*** RECORDS SUPPLIED Section Begins ***

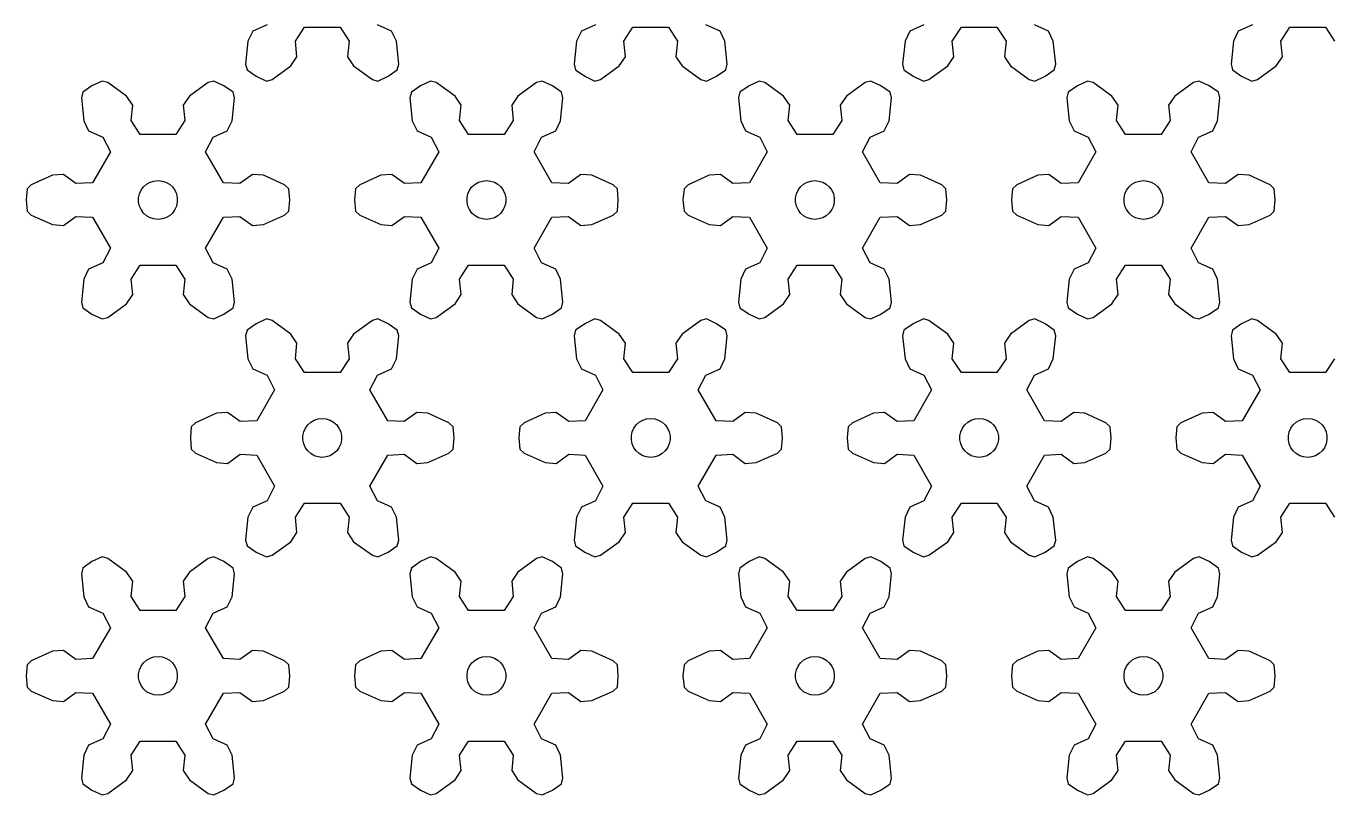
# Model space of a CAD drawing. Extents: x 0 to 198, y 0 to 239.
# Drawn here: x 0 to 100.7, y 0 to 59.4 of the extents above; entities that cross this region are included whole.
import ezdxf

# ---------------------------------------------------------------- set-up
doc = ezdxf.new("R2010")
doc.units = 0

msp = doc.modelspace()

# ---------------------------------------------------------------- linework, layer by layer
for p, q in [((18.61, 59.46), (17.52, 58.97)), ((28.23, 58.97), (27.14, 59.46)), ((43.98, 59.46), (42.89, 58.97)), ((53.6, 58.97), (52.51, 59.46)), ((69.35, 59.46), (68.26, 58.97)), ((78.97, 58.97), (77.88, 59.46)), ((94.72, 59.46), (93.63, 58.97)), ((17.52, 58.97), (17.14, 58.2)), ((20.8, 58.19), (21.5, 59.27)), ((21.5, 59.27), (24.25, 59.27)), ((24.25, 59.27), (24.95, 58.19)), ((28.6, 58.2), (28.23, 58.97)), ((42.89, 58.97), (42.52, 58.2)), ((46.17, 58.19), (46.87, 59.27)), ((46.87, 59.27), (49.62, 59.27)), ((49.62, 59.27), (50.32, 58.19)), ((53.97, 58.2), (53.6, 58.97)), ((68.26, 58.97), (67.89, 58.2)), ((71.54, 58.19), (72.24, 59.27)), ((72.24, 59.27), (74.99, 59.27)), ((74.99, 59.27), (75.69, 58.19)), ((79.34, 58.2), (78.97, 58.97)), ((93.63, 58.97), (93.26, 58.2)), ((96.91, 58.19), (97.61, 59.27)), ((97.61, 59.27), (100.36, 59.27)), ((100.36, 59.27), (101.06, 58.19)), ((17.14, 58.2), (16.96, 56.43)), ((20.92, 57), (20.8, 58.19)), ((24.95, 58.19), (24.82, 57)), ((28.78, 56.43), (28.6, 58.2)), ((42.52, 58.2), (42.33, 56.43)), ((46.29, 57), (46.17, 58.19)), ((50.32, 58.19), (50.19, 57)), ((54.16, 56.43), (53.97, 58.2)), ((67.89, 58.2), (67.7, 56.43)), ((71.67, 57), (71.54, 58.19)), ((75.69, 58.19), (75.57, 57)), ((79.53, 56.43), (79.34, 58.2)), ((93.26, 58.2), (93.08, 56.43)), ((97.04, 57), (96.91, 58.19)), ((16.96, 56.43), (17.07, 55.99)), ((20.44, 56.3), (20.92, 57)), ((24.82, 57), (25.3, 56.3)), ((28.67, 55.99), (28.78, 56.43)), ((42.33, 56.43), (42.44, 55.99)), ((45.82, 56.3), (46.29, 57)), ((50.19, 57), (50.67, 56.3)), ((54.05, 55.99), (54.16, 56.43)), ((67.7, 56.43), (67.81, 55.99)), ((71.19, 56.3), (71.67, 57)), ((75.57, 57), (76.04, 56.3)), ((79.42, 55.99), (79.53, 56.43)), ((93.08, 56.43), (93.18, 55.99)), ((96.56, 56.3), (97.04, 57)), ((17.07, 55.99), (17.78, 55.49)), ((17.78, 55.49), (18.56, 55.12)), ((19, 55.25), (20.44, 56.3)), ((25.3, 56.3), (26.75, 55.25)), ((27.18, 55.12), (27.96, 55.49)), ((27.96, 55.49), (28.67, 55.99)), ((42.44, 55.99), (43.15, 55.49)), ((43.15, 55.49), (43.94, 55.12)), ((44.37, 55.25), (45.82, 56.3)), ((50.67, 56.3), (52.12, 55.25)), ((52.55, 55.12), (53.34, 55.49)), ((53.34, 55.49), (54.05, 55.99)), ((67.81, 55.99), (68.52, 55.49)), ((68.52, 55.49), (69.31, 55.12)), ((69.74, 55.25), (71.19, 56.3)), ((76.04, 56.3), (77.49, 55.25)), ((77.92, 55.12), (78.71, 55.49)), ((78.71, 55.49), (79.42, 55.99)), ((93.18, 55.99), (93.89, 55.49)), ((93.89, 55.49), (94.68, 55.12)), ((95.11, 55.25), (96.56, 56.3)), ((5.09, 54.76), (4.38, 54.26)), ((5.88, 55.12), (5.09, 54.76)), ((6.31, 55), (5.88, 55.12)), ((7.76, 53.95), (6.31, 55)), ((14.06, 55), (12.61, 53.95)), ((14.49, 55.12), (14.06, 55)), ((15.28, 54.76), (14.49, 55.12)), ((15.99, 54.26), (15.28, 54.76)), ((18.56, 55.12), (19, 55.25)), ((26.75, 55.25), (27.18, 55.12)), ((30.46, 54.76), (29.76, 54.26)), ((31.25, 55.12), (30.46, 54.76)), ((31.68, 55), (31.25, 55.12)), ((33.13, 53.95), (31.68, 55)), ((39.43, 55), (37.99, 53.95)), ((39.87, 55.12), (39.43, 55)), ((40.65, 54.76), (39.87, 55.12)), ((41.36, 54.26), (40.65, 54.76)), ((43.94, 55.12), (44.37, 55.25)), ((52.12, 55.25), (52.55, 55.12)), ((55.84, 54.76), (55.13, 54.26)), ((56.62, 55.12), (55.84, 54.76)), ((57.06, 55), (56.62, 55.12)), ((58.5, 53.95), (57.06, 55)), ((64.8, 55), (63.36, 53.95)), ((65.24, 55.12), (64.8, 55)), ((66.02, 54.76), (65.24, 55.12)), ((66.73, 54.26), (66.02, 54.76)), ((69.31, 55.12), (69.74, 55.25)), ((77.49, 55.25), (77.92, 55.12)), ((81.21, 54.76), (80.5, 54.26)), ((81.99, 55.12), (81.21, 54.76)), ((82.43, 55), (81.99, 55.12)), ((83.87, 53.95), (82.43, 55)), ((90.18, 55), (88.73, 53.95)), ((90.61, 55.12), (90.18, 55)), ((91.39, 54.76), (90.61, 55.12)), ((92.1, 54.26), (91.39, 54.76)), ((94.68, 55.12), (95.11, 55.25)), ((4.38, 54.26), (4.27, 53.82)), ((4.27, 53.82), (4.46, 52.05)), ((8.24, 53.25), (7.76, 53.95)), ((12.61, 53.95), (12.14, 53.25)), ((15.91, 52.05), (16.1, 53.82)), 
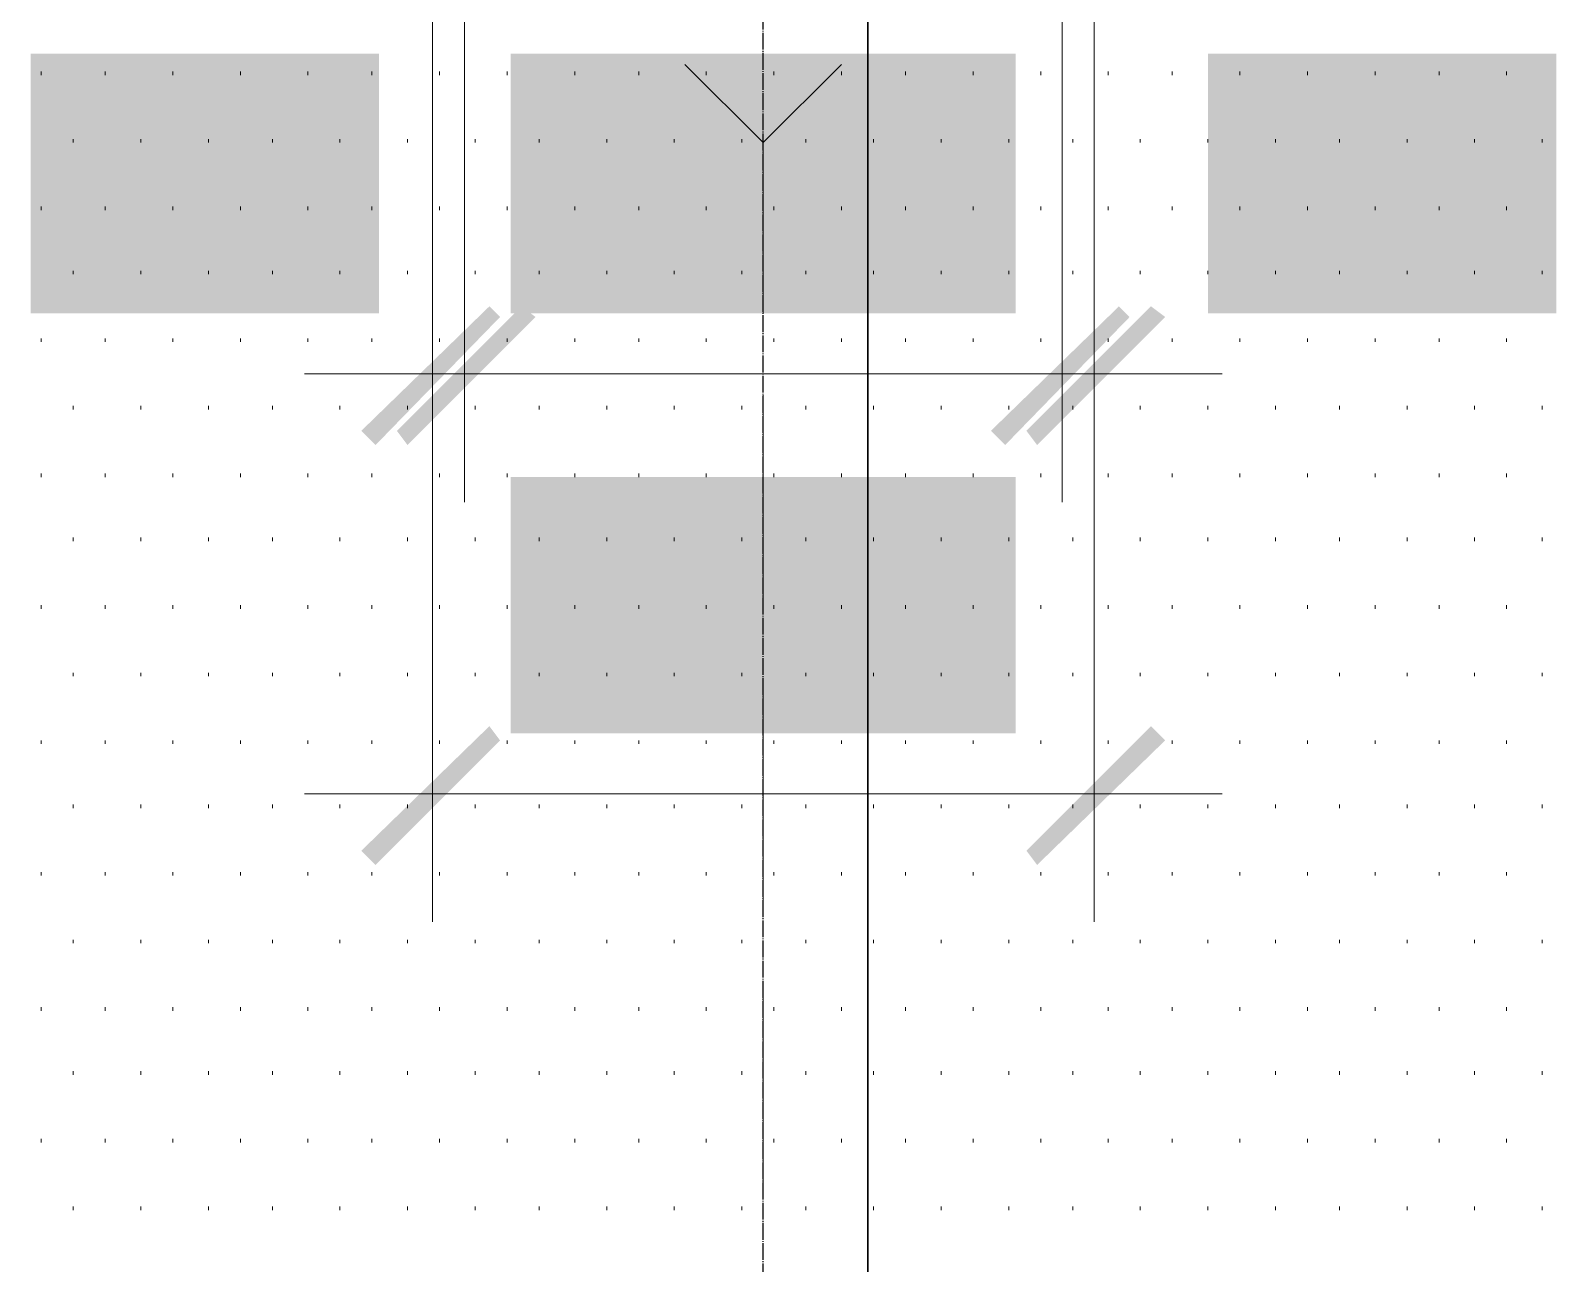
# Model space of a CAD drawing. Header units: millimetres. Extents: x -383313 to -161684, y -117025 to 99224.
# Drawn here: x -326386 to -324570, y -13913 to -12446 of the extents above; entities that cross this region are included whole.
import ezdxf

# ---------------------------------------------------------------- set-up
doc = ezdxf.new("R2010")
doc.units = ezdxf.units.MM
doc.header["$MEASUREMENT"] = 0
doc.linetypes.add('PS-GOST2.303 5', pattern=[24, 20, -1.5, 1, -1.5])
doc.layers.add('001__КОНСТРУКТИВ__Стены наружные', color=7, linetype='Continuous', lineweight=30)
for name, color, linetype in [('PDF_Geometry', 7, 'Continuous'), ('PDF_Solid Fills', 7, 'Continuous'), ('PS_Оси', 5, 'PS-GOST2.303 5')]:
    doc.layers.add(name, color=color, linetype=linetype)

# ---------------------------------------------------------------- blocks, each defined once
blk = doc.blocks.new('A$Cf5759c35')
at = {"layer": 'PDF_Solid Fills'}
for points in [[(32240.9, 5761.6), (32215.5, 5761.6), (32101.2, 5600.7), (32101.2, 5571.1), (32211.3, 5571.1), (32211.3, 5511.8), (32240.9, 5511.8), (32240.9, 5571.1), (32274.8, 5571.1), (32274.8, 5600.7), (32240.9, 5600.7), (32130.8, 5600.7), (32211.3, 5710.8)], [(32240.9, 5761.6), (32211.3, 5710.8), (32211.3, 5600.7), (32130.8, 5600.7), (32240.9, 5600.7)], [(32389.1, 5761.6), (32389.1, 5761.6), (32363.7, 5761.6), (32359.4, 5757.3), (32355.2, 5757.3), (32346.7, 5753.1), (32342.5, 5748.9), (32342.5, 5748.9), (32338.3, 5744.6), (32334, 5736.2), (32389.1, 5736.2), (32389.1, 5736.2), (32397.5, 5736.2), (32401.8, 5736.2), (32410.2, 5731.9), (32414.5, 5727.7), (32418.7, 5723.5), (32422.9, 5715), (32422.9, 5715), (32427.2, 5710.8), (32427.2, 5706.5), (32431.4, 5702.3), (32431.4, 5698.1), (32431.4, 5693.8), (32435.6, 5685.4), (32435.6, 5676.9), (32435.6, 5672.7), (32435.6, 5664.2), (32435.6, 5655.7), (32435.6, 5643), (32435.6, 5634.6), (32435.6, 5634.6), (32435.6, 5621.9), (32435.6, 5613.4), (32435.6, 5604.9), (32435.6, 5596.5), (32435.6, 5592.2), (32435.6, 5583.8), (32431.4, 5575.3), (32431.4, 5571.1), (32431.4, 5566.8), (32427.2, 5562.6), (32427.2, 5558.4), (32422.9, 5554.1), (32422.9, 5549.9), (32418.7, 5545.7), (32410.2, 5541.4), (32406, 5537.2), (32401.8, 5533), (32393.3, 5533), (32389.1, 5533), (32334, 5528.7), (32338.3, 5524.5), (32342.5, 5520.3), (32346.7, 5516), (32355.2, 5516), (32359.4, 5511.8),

*** RECORDS SUPPLIED Section Ends ***

EXERCISE DIRECTIONS ->
The response is to contain exactly the lines from the beginning of the data through the line containing "layer by layer", both ends included, and nothing else; omit the pictures.

ANSWER SECTION ->
# Model space of a CAD drawing. Extents: x 0 to 198, y 0 to 239.
# Drawn here: x 0 to 100.7, y 0 to 59.4 of the extents above; entities that cross this region are included whole.
import ezdxf

# ---------------------------------------------------------------- set-up
doc = ezdxf.new("R2010")
doc.units = 0

msp = doc.modelspace()

# ---------------------------------------------------------------- linework, layer by layer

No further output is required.